Stored data:
※ ※ ※

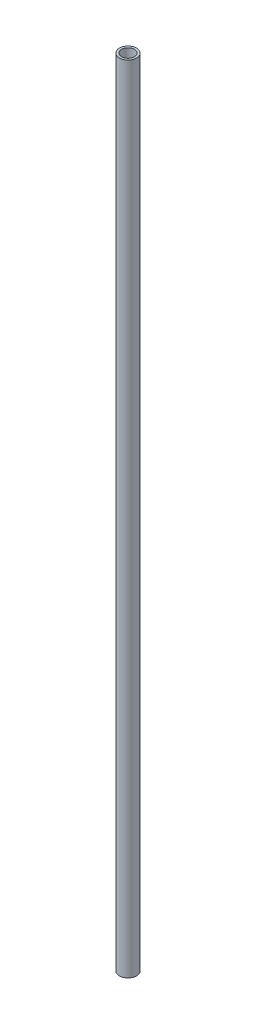
SolidWorks part; units mm, degrees
material "windcatcher"
ref_plane "Front Plane" through (0, 0, 0) normal (0, 0, 1) x (1, 0, 0)
ref_plane "Top Plane" through (0, 0, 0) normal (0, 1, 0) x (1, 0, 0)
ref_plane "Right Plane" through (0, 0, 0) normal (1, 0, 0) x (0, 0, -1)
sketch "Sketch1" plane through (0, 0, 0) normal (0, 1, 0) x (1, 0, 0)
  circle A0 centre (0, 0) radius 3
  circle A1 centre (0, 0) radius 4
  dimension "D1" = 6
  dimension "D2" = 8
extrude "Boss-Extrude1" add sketch "Sketch1" along normal blind 370

※ ※ ※

» Work request:
Leave the pictures behind and transcribe every record above exactly.

» Response below:
SolidWorks part; units mm, degrees
material "windcatcher"
ref_plane "Front Plane" through (0, 0, 0) normal (0, 0, 1) x (1, 0, 0)
ref_plane "Top Plane" through (0, 0, 0) normal (0, 1, 0) x (1, 0, 0)
ref_plane "Right Plane" through (0, 0, 0) normal (1, 0, 0) x (0, 0, -1)
sketch "Sketch1" plane through (0, 0, 0) normal (0, 1, 0) x (1, 0, 0)
  circle A0 centre (0, 0) radius 3
  circle A1 centre (0, 0) radius 4
  dimension "D1" = 6
  dimension "D2" = 8
extrude "Boss-Extrude1" add sketch "Sketch1" along normal blind 370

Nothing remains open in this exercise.